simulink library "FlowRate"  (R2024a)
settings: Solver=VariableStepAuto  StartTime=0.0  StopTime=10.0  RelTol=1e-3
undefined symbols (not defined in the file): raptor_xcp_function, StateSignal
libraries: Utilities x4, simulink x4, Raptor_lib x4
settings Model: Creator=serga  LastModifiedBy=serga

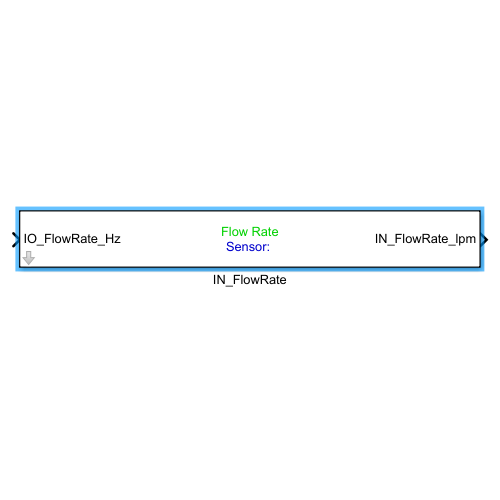
[thumbnail: Simulink's stored preview of the top-level diagram]
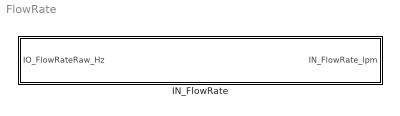
== system FlowRate ==
  IN_FlowRate : Subsystem  mask{pos=''}
      mask prompts: pos "Position"
      mask Display:
      | color('green')
      | disp('Flow Rate\n');
      | color('blue')
      | disp(['\nSensor: ' pos]);
      | color('black')
      | port_label('input', 1, ['IO_FlowRate' pos '_Hz']);
      | port_label('output', 1, ['IN_FlowRate' pos '_lpm']);

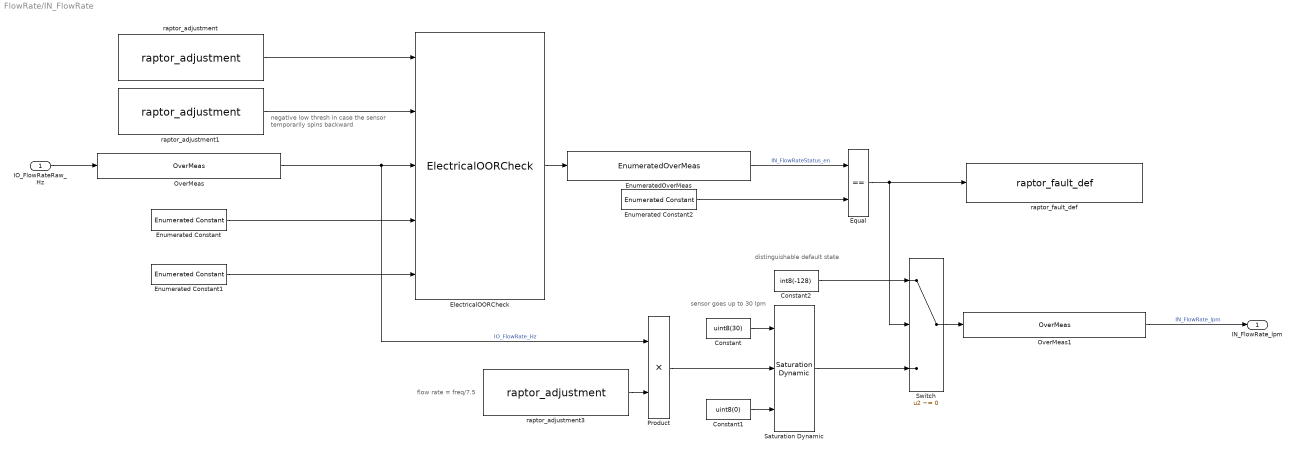
== system FlowRate/IN_FlowRate ==
  note: distinguishable default state
  note: sensor goes up to 30 lpm
  note: flow rate = freq/7.5
  note: negative low thresh in case the sensor temporarily spins backward
  IO_FlowRateRaw_Hz : Inport
  Constant : Constant  Value=uint8(30)
  Constant1 : Constant  Value=uint8(0)
  Constant2 : Constant  Value=int8(-128)
  ElectricalOORCheck : Utilities/ElectricalOORCheck
  Enumerated Constant : simulink/Sources/Enumerated Constant  OutDataTypeStr=Enum: StateSignal  Value=StateSignal.Normal  SampleTime=inf
  Enumerated Constant1 : simulink/Sources/Enumerated Constant  OutDataTypeStr=Enum: StateSignal  Value=StateSignal.Fault  SampleTime=inf
  Enumerated Constant2 : simulink/Sources/Enumerated Constant  OutDataTypeStr=Enum: StateSignal  Value=StateSignal.Fault  SampleTime=inf
  EnumeratedOverMeas : Utilities/EnumeratedOverMeas  sigName=['IN_FlowRate' pos 'Status_en']  enumName='StateSignal'
  Equal : RelationalOperator  Operator===  OutDataTypeStr=boolean  RndMeth=Simplest  InputSameDT=off
  OverMeas : Utilities/OverMeas  sigName=['IO_FlowRate' pos '_Hz']  minimum=-inf  maximum=inf
  OverMeas1 : Utilities/OverMeas  sigName=['IN_FlowRate' pos '_lpm']  minimum=0  maximum=100
  Product : Product
  Saturation Dynamic : simulink/Discontinuities/Saturation Dynamic  OutMin=[]  OutMax=[]  OutDataTypeStr=Inherit: Same as second input  OutDataType=fixdt(1, 16)  OutScaling=2^-10  DoSatur=off
  Switch : Switch  Criteria=u2 ~= 0  SaturateOnIntegerOverflow=off  InputSameDT=off
  raptor_adjustment : Raptor_lib/Data Storage/raptor_adjustment  paramName=['IN_FlowRate' pos 'HighThresh_Hz']  nameSource=Parameter  initValue=225  dataType=single  storage=Calibration  calDispType=Number  calEnum={'False', 'True'}  calGain=1.0  calOffset=0.0  calMax=5  calMin=0  calFormat='-1'  calUnit=''  calHelp=''  calAccess=1  calFunction=raptor_xcp_function(gcb)  calDispHeaders=off  calColHeaders={'Col1' 'Col2' 'Col3'}  calRowHeaders={'Row1' 'Row2' 'Row3'}
      settings: SourceProductName=Raptor
  raptor_adjustment1 : Raptor_lib/Data Storage/raptor_adjustment  paramName=['IN_FlowRate' pos 'LowThresh_V']  nameSource=Parameter  initValue=-5  dataType=single  storage=Calibration  calDispType=Number  calEnum={'False', 'True'}  calGain=1.0  calOffset=0.0  calMax=5  calMin=0  calFormat='-1'  calUnit=''  calHelp=''  calAccess=1  calFunction=raptor_xcp_function(gcb)  calDispHeaders=off  calColHeaders={'Col1' 'Col2' 'Col3'}  calRowHeaders={'Row1' 'Row2' 'Row3'}
      settings: SourceProductName=Raptor
  raptor_adjustment3 : Raptor_lib/Data Storage/raptor_adjustment  paramName=['IN_FlowRate' pos 'Scale_na']  nameSource=Parameter  initValue=1/7.5  dataType=single  storage=Calibration  calDispType=Number  calEnum={'False', 'True'}  calGain=1.0  calOffset=0.0  calMax=5  calMin=0  calFormat='-1'  calUnit=''  calHelp=''  calAccess=1  calFunction=raptor_xcp_function(gcb)  calDispHeaders=off  calColHeaders={'Col1' 'Col2' 'Col3'}  calRowHeaders={'Row1' 'Row2' 'Row3'}
      settings: SourceProductName=Raptor
  raptor_fault_def : Raptor_lib/Faults/raptor_fault_def  faultName=['IN_FlowRate' pos 'Fault']  persist=off  sticky=off  emisRelated=off  singleTrip=off  clearMethod=Standard  xLimit=25  yLimit=50  calEnable=on  addDisable=off  calAccess=1  calFunction='System | FaultManager'
      settings: SourceProductName=Raptor
  IN_FlowRate_lpm : Outport
  wires:
  Switch/1 -> OverMeas1/1
  OverMeas1/1 -> IN_FlowRate_lpm/1  "IN_FlowRate_lpm"
  Constant2/1 -> Switch/1
  Constant1/1 -> Saturation Dynamic/3
  Constant/1 -> Saturation Dynamic/1
  Saturation Dynamic/1 -> Switch/3
  raptor_adjustment3/1 -> Product/2
  EnumeratedOverMeas/1 -> Equal/1  "IN_FlowRateStatus_en"
  Equal/1 -> raptor_fault_def/1, Switch/2
  Enumerated Constant2/1 -> Equal/2
  ElectricalOORCheck/1 -> EnumeratedOverMeas/1
  Enumerated Constant1/1 -> ElectricalOORCheck/5
  Enumerated Constant/1 -> ElectricalOORCheck/4
  raptor_adjustment1/1 -> ElectricalOORCheck/2
  raptor_adjustment/1 -> ElectricalOORCheck/1
  OverMeas/1 -> Product/1, ElectricalOORCheck/3  "IO_FlowRate_Hz"
  IO_FlowRateRaw_Hz/1 -> OverMeas/1
  Product/1 -> Saturation Dynamic/2

++++++++++

Problem description:
Could you copy the data above exactly, leaving the pictures out?

Your solution:
simulink library "FlowRate"  (R2024a)
settings: Solver=VariableStepAuto  StartTime=0.0  StopTime=10.0  RelTol=1e-3
undefined symbols (not defined in the file): raptor_xcp_function, StateSignal
libraries: Utilities x4, simulink x4, Raptor_lib x4
settings Model: Creator=serga  LastModifiedBy=serga

[thumbnail: Simulink's stored preview of the top-level diagram]
== system FlowRate ==
  IN_FlowRate : Subsystem  mask{pos=''}
      mask prompts: pos "Position"
      mask Display:
      | color('green')
      | disp('Flow Rate\n');
      | color('blue')
      | disp(['\nSensor: ' pos]);
      | color('black')
      | port_label('input', 1, ['IO_FlowRate' pos '_Hz']);
      | port_label('output', 1, ['IN_FlowRate' pos '_lpm']);

== system FlowRate/IN_FlowRate ==
  note: distinguishable default state
  note: sensor goes up to 30 lpm
  note: flow rate = freq/7.5
  note: negative low thresh in case the sensor temporarily spins backward
  IO_FlowRateRaw_Hz : Inport
  Constant : Constant  Value=uint8(30)
  Constant1 : Constant  Value=uint8(0)
  Constant2 : Constant  Value=int8(-128)
  ElectricalOORCheck : Utilities/ElectricalOORCheck
  Enumerated Constant : simulink/Sources/Enumerated Constant  OutDataTypeStr=Enum: StateSignal  Value=StateSignal.Normal  SampleTime=inf
  Enumerated Constant1 : simulink/Sources/Enumerated Constant  OutDataTypeStr=Enum: StateSignal  Value=StateSignal.Fault  SampleTime=inf
  Enumerated Constant2 : simulink/Sources/Enumerated Constant  OutDataTypeStr=Enum: StateSignal  Value=StateSignal.Fault  SampleTime=inf
  EnumeratedOverMeas : Utilities/EnumeratedOverMeas  sigName=['IN_FlowRate' pos 'Status_en']  enumName='StateSignal'
  Equal : RelationalOperator  Operator===  OutDataTypeStr=boolean  RndMeth=Simplest  InputSameDT=off
  OverMeas : Utilities/OverMeas  sigName=['IO_FlowRate' pos '_Hz']  minimum=-inf  maximum=inf
  OverMeas1 : Utilities/OverMeas  sigName=['IN_FlowRate' pos '_lpm']  minimum=0  maximum=100
  Product : Product
  Saturation Dynamic : simulink/Discontinuities/Saturation Dynamic  OutMin=[]  OutMax=[]  OutDataTypeStr=Inherit: Same as second input  OutDataType=fixdt(1, 16)  OutScaling=2^-10  DoSatur=off
  Switch : Switch  Criteria=u2 ~= 0  SaturateOnIntegerOverflow=off  InputSameDT=off
  raptor_adjustment : Raptor_lib/Data Storage/raptor_adjustment  paramName=['IN_FlowRate' pos 'HighThresh_Hz']  nameSource=Parameter  initValue=225  dataType=single  storage=Calibration  calDispType=Number  calEnum={'False', 'True'}  calGain=1.0  calOffset=0.0  calMax=5  calMin=0  calFormat='-1'  calUnit=''  calHelp=''  calAccess=1  calFunction=raptor_xcp_function(gcb)  calDispHeaders=off  calColHeaders={'Col1' 'Col2' 'Col3'}  calRowHeaders={'Row1' 'Row2' 'Row3'}
      settings: SourceProductName=Raptor
  raptor_adjustment1 : Raptor_lib/Data Storage/raptor_adjustment  paramName=['IN_FlowRate' pos 'LowThresh_V']  nameSource=Parameter  initValue=-5  dataType=single  storage=Calibration  calDispType=Number  calEnum={'False', 'True'}  calGain=1.0  calOffset=0.0  calMax=5  calMin=0  calFormat='-1'  calUnit=''  calHelp=''  calAccess=1  calFunction=raptor_xcp_function(gcb)  calDispHeaders=off  calColHeaders={'Col1' 'Col2' 'Col3'}  calRowHeaders={'Row1' 'Row2' 'Row3'}
      settings: SourceProductName=Raptor
  raptor_adjustment3 : Raptor_lib/Data Storage/raptor_adjustment  paramName=['IN_FlowRate' pos 'Scale_na']  nameSource=Parameter  initValue=1/7.5  dataType=single  storage=Calibration  calDispType=Number  calEnum={'False', 'True'}  calGain=1.0  calOffset=0.0  calMax=5  calMin=0  calFormat='-1'  calUnit=''  calHelp=''  calAccess=1  calFunction=raptor_xcp_function(gcb)  calDispHeaders=off  calColHeaders={'Col1' 'Col2' 'Col3'}  calRowHeaders={'Row1' 'Row2' 'Row3'}
      settings: SourceProductName=Raptor
  raptor_fault_def : Raptor_lib/Faults/raptor_fault_def  faultName=['IN_FlowRate' pos 'Fault']  persist=off  sticky=off  emisRelated=off  singleTrip=off  clearMethod=Standard  xLimit=25  yLimit=50  calEnable=on  addDisable=off  calAccess=1  calFunction='System | FaultManager'
      settings: SourceProductName=Raptor
  IN_FlowRate_lpm : Outport
  wires:
  Switch/1 -> OverMeas1/1
  OverMeas1/1 -> IN_FlowRate_lpm/1  "IN_FlowRate_lpm"
  Constant2/1 -> Switch/1
  Constant1/1 -> Saturation Dynamic/3
  Constant/1 -> Saturation Dynamic/1
  Saturation Dynamic/1 -> Switch/3
  raptor_adjustment3/1 -> Product/2
  EnumeratedOverMeas/1 -> Equal/1  "IN_FlowRateStatus_en"
  Equal/1 -> raptor_fault_def/1, Switch/2
  Enumerated Constant2/1 -> Equal/2
  ElectricalOORCheck/1 -> EnumeratedOverMeas/1
  Enumerated Constant1/1 -> ElectricalOORCheck/5
  Enumerated Constant/1 -> ElectricalOORCheck/4
  raptor_adjustment1/1 -> ElectricalOORCheck/2
  raptor_adjustment/1 -> ElectricalOORCheck/1
  OverMeas/1 -> Product/1, ElectricalOORCheck/3  "IO_FlowRate_Hz"
  IO_FlowRateRaw_Hz/1 -> OverMeas/1
  Product/1 -> Saturation Dynamic/2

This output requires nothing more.